Additional functional annotation
For additional annotation of proteins encoded either as cargo of annotated hotspot islands or as flanking genes we use pyhmmer API. The reason of using pyhmmer instead of MMseqs2 sequence vs profile search is that for several databases that are essential for hotspot protein annotation we have only hmmer database of profiles available without provided MSA or HMM models compatible with hh-suite or MMseqs 🫤. In order to reduce the running time we use only representative proteins of each protein group as a query set for searching. As was defined above, each cluster of proteins is considered as a set of homologues, then, the search results are attributed to each protein group based on its representative sequence.

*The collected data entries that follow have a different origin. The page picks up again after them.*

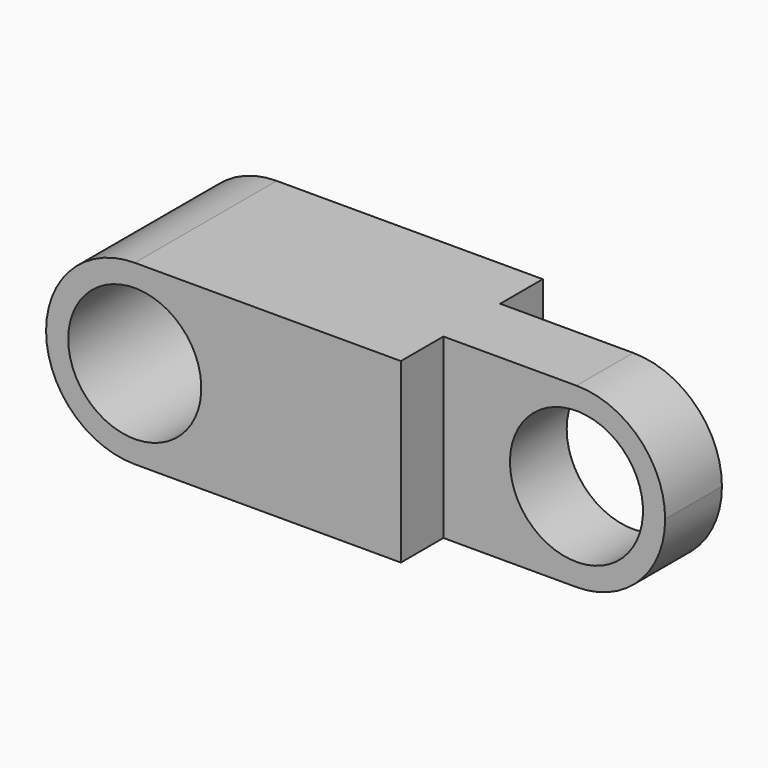
from build123d import *

# Parameters (mm, degrees)
F1_DEPTH = 5.08
F2_R     = 2.53999
F3_R     = 1.905
F4_DEPTH = 25.4
F5_R     = 1.905
F6_DEPTH = 5.08


# Not quite as in the source:
# - a fillet or chamfer is up to 0.001 mm smaller than in the source, because OpenCascade refuses the exact size


with BuildPart() as f1:
    # F0 (on Top) → F1 (new body)
    with BuildSketch(Plane.XY):
        Polygon((10.16, 0), (0, 0), (0, -5.08), (10.16, -5.08), (10.16, -3.556), (16.51, -3.556), (16.51, -1.524), (10.16, -1.524), align=None)
    extrude(amount=F1_DEPTH)

    # F2 (radius 2.54 in the source; OpenCascade refuses exactly that, so slightly less here)
    f2_edges = [f1.edges().sort_by_distance(p)[0] for p in [
        (16.51, -2.54, 5.08),
        (16.51, -2.54, 0),
        (0, -2.54, 5.08),
        (0, -2.54, 0),
    ]]
    fillet(f2_edges, radius=F2_R)

    # F3 (on face) → F4 (cut)
    with BuildSketch(Plane(origin=(0, -1.524, 0), x_dir=(-1, 0, 0), z_dir=(0, 1, 0))):
        with Locations((-13.97, 2.54)):
            Circle(F3_R)
    extrude(amount=-F4_DEPTH, mode=Mode.SUBTRACT)

    # F5 (on face) → F6 (cut)
    with BuildSketch(Plane(origin=(0, 0, 0), x_dir=(-1, 0, 0), z_dir=(0, 1, 0))):
        with Locations((-2.54, 2.54)):
            Circle(F5_R)
    extrude(amount=-F6_DEPTH, mode=Mode.SUBTRACT)


solid = f1.part

The list of used databases and their versions or date of retrieval:
- Antimicrobial resistance genes (AMR): AMRFinderPlus: 02.05.2024.2
- Anti-Defence: dbAPIS_Acr: 19.09.2023
- Defence systems (DefenseFinder): DefenseFinder: 1.2.4, CasFinder: 3.1.0;
- Defence systems (PADLOC): PADLOC: 23.10.2024
- Virulence factors: VFDB : 10.05.2024
Feature and Locus annotation tables
The results of sequence clustering and information about proteins are saved as feature and locus annotation tables. They also cal be used as input if you have pre-defined values. See the example-driven guide for the details.